To keep my research focused, I've formulated this research question:

 

What are the main quantifiable or qualitative factors which influence the difference between a musician’s emotional expression and their audience’s experience?

In order to fully answer my research question, I believe the objective of my research must be twofold:

 

  1. To have a better understanding of the main factors which influence the difference between a musician’s emotional expression and their audience’s experience. 
  2. To create a training tool which will allow musicians to perfect their expression, by showing them which emotion a human listener would experience (without the need of a human audience).

An important thing to keep in mind when reading this research, is the subjective nature of music and of emotions.

We like to say that music is a universal language, but the fact of the matter is, most people have very different tastes and sensibilities in music. A lot of people are born without being able to carry a tune or even a rhythm, and those who are able need extensive training to be able to use those abilities in a favorable fashion.1

“ Music is an enigma. […] In all cultures, certain rhythmic sounds give listeners intense pleasure and heartfelt emotions. What benefit could there be to diverting time and energy to the making of plinking noises, or to feeling sad when no one has died? „ 2

Technical concepts and definitions

This is a summarized and simplified explanation about the concepts and definitions relevant to the research.

Dataset

A dataset is simply a set of inputs.

A tagged dataset is a set of inputs, and their desired output (which we call the “tag”).

A trainset is the name for a dataset used to train an algorithm.

A testset is the name for a dataset used to test an algorithm’s performance.


For example, if our problem is

“what is the sum of two numbers?”,

our dataset can be:

(1, 1)

(1, 4)

(9, 3)

(5, 6)

….

(8, 1)

 

 

 

An appropriate tagged dataset would then be:

(1, 1)  →  2  

(1, 4)  →  5 

(9, 3)  →  12 

(5, 6)  →  11

….

(8, 1)  →  9 

Artificial Neural Network

An Artificial Neural Network (ANN) is a software architecture based on the structure of the brain. ANNs are simply networks of nodes, sometimes called artificial neurons. The architect decides on the architecture of the network - which nodes are connected to which, and in what way (i.e. simple directional network, directional connection of node layers etc.).

Each node contains a mathematical function, and each connection holds a weight.

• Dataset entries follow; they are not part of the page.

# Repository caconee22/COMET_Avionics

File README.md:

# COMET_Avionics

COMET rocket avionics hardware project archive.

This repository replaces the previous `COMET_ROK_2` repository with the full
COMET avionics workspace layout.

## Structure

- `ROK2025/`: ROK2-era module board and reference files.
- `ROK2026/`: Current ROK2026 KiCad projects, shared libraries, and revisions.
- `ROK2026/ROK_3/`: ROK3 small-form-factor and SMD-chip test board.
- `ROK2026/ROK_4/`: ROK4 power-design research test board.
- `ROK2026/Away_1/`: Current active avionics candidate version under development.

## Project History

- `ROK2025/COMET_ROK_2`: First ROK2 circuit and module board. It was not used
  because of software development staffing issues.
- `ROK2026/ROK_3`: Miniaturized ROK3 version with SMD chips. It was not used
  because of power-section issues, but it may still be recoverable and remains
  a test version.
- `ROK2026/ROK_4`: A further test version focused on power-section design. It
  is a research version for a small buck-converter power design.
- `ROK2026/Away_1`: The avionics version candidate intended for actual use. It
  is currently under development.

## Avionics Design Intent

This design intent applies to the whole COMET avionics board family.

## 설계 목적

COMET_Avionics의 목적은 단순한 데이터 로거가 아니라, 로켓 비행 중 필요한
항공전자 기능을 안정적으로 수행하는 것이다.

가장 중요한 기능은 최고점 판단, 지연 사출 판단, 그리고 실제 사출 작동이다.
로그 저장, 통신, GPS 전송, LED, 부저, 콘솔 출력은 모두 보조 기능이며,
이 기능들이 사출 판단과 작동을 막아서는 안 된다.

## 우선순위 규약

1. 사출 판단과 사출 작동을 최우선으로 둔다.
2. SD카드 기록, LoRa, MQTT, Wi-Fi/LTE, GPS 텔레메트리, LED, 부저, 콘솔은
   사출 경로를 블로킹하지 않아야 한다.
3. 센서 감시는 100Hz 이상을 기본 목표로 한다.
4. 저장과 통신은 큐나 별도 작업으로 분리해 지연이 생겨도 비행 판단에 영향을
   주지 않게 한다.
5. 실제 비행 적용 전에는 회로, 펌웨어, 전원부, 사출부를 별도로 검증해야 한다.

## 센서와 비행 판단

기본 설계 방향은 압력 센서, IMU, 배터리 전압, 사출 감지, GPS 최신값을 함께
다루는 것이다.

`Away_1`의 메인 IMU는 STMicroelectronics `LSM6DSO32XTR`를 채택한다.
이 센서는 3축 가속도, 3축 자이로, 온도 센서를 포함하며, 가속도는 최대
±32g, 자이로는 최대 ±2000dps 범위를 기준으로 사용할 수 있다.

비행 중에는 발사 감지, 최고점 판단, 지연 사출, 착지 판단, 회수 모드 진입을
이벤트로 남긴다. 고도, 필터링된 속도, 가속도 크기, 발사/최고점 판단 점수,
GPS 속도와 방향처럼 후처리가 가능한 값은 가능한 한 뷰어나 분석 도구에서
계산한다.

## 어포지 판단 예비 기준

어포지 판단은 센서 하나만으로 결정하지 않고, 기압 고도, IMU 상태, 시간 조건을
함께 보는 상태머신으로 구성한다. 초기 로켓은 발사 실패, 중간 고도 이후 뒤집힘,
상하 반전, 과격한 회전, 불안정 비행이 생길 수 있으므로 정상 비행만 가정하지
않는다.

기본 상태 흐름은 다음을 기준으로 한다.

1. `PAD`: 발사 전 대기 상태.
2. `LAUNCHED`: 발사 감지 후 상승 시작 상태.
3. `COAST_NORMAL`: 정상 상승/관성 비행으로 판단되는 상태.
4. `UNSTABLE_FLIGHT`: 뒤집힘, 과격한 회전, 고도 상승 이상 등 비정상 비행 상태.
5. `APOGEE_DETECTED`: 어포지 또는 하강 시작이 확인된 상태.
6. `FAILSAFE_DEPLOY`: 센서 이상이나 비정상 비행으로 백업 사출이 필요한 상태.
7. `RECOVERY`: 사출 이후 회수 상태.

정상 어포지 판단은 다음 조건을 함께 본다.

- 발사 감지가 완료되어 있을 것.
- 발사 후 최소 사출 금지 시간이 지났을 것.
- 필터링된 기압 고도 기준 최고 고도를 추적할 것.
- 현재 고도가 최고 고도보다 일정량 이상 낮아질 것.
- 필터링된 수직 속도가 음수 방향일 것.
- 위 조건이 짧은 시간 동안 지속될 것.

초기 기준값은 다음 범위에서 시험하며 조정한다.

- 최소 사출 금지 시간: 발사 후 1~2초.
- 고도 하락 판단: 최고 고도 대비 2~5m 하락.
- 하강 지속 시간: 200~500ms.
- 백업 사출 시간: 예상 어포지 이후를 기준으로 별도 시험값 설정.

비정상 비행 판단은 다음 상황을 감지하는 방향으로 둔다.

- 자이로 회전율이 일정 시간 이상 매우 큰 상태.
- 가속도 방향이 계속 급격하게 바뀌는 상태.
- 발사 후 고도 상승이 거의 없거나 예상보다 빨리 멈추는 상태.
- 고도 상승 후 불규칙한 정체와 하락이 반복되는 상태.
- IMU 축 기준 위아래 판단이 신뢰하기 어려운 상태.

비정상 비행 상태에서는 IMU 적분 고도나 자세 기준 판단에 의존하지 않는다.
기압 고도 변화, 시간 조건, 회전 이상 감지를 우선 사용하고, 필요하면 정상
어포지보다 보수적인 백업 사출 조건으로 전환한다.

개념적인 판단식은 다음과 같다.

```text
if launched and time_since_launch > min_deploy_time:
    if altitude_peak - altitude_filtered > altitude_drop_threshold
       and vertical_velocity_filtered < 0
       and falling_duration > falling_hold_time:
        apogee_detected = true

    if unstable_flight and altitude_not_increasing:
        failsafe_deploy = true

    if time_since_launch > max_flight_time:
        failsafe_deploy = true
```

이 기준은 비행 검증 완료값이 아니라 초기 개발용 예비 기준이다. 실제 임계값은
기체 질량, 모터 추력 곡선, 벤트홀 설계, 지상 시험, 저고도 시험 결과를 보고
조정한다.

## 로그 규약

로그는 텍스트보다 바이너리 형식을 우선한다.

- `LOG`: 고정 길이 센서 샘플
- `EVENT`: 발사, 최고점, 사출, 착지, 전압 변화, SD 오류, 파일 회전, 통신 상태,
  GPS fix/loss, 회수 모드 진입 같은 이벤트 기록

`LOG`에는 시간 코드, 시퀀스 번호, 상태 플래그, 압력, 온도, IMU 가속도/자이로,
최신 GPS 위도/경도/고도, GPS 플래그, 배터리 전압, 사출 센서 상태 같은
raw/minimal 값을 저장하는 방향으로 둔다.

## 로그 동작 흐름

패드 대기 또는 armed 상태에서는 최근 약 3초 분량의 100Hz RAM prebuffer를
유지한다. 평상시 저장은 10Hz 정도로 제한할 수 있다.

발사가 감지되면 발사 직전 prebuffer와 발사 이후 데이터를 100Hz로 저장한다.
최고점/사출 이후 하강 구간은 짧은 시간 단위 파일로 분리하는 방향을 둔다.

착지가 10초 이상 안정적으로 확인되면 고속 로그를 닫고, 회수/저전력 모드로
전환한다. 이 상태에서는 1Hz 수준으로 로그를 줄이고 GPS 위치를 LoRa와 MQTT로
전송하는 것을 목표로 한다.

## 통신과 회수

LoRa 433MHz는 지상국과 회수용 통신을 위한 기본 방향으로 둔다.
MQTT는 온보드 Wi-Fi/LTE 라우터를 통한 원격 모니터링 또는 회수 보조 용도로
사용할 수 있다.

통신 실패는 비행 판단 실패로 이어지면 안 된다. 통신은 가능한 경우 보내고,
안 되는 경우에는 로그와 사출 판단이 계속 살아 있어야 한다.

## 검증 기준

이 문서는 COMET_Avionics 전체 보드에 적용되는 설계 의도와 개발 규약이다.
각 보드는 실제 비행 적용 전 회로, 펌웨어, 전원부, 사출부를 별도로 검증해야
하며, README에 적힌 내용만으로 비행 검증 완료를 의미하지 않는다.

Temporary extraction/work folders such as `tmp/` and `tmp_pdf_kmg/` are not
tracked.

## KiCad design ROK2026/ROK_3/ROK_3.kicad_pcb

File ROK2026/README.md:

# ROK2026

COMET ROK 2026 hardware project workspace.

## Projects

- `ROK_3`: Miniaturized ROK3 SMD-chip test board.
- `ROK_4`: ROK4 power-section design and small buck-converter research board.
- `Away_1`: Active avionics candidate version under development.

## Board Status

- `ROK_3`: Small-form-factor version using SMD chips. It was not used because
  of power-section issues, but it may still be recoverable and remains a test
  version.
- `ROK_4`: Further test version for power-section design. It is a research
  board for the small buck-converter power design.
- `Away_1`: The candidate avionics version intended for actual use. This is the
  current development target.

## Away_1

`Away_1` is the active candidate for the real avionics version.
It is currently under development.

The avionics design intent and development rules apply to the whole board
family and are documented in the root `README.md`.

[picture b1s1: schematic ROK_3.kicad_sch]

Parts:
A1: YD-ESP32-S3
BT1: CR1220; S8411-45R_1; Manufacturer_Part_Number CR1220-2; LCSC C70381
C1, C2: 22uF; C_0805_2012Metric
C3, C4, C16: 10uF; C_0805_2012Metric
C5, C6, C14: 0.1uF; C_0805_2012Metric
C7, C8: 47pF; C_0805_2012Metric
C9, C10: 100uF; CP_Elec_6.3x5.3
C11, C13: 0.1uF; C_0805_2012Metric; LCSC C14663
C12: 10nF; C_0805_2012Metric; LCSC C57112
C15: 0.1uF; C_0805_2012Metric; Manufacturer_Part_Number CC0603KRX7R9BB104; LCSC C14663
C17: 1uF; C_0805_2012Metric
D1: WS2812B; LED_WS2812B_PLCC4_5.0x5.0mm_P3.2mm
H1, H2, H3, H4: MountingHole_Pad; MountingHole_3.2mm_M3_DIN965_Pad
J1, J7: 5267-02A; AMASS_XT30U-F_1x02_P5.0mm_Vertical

In order to train an ANN to solve a problem, a tagged dataset is fed into the machine, and the machine’s output is compared with the dataset’s tagging. The machine’s weights are then updated in a process called “backward propagation” based on the difference between output and tag.

With the appropriate architectures and  trainsets, ANNs can be trained to solve many diverse problems such as solving differential equations, automatic translation, speech to text transcription and many many more.


Convolutional Neural Network

A Convolutional Neural Network (CNN) is the name for an ANN with a specific structure - where the layers of the neurons are considered in a multidimensional way - usually in 2D or 3D matrices.

For example, let’s say we are building a machine to detect if a photo is of a dog or not. If we put the photo into the machine as a string of bits, it would lose the additional layer of information that comes from its colors and 2-dimensionality. That means it’ll be harder for the machine to learn and solve the problem. So instead, we adjust the architecture (the mathematical function and connections between nodes) to better suit a multi-dimensional input.

Long Short Term Memory

A Long Short Term Memory (LSTM) is a name for a specific type of Recurrent Neural Network, which is a family of ANN architectures. While in regular (no memory) ANNs, each input is considered separately and with no relation to its previous input, in an LSTM we save some memory of past input as part of the ANN architecture.

For example, problems like multiplication and classification of dogs in pictures have no need for memory. If anything, memory might “confuse” the machine. But what about problems like predicting how a sentence will end? If we feed the machine with one word at a time, it will be able to predict the next word much better if we let it remember the last 10 words it got as input.

Spectrogram

A spectrogram is a 3-dimensional representation of audio, where the X-axis is time, the Y-axis is wave frequencies (in hertz), and the Z-axis is the strength of the signal (sometimes in decibels).

A spectrogram is achieved usually by applying a Fourier Transformation to audio, converting its waveform (audioform) into its component sine waves. In a spectrogram we can more easily see which frequencies the sound wave contains.

Thayer Emotion Model4

The Thayer model is a model proposed in 1989 to quantifiably characterize emotions on a 2-dimensional scale - the dimensions being Valence (stress) and Arousal (energy). For example, happiness would be high valence and high arousal, sadness would be low valence low arousal.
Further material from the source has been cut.